RECORDS TO PROCESS:

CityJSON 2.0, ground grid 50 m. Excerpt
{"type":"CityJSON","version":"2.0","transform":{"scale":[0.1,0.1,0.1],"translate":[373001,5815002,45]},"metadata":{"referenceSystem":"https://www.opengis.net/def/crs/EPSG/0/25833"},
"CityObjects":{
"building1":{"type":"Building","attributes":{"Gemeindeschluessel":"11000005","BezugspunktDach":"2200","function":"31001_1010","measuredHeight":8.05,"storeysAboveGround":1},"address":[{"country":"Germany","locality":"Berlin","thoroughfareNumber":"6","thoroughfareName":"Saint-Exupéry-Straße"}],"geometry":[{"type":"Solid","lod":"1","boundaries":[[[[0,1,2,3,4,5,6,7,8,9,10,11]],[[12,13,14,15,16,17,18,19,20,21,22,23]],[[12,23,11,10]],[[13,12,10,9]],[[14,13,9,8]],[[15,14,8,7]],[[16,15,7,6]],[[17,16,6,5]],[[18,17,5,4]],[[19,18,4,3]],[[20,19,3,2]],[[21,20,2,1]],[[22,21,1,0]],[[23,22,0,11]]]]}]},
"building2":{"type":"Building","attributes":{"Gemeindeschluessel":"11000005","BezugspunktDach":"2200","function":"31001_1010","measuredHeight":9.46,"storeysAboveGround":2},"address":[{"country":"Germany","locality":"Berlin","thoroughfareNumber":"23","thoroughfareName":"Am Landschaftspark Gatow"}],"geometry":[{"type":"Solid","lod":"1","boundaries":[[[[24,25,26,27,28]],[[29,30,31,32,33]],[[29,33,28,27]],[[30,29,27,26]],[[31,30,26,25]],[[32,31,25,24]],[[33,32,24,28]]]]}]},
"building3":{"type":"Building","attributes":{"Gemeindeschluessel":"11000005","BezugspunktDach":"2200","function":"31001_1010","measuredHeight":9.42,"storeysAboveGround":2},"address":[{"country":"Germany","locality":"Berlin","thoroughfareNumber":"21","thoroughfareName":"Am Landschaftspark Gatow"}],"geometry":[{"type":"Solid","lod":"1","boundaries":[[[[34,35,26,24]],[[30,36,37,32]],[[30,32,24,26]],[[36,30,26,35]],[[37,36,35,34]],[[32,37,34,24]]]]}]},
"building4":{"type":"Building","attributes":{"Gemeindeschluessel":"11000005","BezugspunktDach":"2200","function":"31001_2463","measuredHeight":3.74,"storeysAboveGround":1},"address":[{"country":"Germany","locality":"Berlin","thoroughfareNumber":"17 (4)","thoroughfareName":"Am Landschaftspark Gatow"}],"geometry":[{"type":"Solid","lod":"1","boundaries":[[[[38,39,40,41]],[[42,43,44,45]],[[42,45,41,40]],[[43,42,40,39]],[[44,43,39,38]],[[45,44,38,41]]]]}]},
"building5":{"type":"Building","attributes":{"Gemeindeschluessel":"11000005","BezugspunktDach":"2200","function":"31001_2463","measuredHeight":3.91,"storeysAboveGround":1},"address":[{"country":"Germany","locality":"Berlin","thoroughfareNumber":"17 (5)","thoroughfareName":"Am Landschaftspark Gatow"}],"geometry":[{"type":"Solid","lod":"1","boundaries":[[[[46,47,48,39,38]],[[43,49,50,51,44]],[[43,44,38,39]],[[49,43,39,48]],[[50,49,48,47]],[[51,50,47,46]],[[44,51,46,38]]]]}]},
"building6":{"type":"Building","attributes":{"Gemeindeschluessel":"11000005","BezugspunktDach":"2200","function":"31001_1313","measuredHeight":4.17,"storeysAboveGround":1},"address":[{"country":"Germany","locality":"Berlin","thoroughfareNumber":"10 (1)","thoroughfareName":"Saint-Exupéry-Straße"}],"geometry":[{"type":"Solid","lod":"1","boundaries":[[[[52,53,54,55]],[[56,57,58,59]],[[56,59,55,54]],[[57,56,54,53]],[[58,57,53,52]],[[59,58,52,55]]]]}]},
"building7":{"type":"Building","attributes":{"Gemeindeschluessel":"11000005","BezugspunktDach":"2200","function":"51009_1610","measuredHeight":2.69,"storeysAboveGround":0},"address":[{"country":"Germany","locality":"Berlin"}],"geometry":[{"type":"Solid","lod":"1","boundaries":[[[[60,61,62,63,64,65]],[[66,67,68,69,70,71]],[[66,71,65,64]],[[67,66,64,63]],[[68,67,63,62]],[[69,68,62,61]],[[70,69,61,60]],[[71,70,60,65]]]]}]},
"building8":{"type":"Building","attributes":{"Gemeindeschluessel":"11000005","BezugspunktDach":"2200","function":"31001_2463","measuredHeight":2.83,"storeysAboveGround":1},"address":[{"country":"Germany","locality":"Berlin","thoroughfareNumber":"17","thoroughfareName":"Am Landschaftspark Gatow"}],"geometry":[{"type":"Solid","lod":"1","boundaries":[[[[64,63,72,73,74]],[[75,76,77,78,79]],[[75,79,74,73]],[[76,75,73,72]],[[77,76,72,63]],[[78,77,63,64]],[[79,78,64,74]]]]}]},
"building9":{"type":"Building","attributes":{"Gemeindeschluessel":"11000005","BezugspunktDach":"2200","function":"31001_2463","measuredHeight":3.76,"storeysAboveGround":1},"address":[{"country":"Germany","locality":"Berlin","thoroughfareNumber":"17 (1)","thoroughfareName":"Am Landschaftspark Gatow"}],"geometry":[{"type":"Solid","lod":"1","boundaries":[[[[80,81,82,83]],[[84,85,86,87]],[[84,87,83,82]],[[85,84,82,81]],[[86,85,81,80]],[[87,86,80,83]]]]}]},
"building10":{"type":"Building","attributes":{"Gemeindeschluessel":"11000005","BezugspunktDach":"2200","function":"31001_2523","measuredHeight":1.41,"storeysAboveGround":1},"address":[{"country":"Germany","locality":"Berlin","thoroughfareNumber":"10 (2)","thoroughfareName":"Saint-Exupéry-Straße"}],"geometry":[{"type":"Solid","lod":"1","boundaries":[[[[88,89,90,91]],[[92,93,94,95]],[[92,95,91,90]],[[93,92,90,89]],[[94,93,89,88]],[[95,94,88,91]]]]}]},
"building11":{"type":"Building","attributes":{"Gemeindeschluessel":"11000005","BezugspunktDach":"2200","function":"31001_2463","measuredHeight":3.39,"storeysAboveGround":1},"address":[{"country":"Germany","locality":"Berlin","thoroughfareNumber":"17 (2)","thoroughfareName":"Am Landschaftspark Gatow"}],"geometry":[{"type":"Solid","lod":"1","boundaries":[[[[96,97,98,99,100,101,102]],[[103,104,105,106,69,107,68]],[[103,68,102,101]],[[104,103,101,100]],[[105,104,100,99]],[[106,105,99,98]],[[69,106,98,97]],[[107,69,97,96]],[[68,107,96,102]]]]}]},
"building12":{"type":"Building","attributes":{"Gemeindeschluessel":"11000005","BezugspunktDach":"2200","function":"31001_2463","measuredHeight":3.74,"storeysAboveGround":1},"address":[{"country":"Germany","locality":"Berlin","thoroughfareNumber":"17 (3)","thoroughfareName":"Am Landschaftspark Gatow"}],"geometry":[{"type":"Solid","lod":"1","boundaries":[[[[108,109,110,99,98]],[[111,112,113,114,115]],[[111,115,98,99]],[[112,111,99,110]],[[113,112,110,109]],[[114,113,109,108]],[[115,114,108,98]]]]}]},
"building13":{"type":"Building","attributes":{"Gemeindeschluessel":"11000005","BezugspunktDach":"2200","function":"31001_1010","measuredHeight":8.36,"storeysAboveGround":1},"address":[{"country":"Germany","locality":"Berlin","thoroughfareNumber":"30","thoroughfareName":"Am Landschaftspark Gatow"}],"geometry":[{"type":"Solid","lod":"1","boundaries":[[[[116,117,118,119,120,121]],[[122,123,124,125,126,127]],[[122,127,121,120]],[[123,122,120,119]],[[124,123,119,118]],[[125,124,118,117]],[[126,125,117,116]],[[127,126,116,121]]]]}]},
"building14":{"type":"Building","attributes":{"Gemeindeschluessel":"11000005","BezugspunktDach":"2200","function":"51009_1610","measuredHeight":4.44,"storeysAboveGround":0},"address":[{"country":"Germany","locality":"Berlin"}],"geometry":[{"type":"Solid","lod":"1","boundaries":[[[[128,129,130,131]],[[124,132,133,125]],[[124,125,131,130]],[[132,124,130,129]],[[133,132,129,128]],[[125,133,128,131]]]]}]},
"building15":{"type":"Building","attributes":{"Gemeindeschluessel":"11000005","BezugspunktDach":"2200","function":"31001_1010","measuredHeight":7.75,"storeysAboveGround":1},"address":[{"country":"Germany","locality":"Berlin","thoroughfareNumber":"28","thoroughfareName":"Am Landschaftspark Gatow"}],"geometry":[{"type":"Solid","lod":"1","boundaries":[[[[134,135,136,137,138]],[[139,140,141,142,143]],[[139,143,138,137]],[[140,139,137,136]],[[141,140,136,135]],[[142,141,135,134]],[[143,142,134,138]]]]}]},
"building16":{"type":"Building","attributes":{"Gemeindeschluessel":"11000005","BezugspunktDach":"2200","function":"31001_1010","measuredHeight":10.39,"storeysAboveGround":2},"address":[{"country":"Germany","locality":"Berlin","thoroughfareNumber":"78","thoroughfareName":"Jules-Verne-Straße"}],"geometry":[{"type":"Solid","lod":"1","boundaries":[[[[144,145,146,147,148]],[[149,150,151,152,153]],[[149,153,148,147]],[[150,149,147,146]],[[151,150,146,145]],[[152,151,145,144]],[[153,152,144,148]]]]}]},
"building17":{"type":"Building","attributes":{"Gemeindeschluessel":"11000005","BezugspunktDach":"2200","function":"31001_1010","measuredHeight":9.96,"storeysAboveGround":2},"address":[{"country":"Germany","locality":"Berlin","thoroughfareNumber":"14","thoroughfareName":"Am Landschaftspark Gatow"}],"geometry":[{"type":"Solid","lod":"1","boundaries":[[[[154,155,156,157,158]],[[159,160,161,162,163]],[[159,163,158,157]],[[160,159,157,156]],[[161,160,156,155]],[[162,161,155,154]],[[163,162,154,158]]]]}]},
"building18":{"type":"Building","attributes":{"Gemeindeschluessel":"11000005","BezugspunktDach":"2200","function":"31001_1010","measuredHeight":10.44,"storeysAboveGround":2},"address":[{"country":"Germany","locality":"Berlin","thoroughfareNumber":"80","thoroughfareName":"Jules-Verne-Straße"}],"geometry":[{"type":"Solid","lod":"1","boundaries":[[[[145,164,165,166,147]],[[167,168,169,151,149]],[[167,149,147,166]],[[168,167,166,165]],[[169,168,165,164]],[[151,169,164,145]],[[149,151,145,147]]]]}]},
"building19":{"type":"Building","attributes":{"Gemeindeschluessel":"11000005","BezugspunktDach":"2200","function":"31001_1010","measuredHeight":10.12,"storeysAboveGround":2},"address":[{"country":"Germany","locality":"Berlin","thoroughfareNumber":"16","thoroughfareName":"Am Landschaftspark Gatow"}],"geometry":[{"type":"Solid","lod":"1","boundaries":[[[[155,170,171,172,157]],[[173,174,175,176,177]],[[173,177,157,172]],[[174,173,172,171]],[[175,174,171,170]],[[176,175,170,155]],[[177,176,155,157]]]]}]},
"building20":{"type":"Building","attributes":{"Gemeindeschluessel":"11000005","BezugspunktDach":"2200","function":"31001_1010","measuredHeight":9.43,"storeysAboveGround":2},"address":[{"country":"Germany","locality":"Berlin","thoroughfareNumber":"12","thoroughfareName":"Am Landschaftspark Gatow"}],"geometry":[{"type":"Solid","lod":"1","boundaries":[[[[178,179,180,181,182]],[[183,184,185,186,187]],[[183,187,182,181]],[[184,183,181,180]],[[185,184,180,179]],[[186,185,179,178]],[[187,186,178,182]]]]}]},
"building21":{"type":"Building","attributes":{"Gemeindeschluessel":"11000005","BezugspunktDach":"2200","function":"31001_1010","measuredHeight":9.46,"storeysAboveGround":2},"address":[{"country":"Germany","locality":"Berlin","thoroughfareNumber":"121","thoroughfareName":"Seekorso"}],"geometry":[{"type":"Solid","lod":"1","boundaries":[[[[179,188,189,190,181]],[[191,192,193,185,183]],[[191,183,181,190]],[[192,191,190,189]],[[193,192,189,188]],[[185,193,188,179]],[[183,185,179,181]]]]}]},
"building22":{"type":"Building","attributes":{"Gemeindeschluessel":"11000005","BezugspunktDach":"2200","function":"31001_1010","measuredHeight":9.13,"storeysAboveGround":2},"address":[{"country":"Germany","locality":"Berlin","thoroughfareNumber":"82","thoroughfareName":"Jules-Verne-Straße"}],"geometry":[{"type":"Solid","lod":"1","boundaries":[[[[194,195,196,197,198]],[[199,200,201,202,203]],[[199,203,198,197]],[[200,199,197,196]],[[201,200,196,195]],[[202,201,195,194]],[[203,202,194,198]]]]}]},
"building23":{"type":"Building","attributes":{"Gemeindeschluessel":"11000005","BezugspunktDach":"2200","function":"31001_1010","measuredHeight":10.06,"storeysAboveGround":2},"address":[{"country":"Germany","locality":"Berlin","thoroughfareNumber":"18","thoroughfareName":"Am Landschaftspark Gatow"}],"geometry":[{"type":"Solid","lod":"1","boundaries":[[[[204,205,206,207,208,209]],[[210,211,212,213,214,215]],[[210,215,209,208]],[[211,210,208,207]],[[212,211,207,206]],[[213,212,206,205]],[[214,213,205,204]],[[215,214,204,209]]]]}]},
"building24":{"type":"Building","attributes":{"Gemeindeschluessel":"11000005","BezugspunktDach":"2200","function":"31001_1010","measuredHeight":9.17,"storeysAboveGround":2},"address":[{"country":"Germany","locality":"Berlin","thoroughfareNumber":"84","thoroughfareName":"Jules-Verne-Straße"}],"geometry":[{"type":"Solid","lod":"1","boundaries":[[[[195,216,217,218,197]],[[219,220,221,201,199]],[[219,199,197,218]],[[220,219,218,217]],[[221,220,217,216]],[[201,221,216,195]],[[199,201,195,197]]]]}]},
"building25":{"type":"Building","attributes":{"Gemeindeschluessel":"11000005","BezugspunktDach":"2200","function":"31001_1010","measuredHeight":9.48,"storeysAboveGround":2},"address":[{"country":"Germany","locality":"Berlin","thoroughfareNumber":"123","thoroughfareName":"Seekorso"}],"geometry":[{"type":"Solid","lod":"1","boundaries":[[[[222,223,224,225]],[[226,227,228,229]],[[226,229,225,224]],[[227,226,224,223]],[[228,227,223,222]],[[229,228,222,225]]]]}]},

EXERCISE AIM:
Scan the material above for the string "CityJSON", and copy every line where it is found.

RESULT OF THE TASK:
CityJSON 2.0, ground grid 50 m. Excerpt
{"type":"CityJSON","version":"2.0","transform":{"scale":[0.1,0.1,0.1],"translate":[373001,5815002,45]},"metadata":{"referenceSystem":"https://www.opengis.net/def/crs/EPSG/0/25833"},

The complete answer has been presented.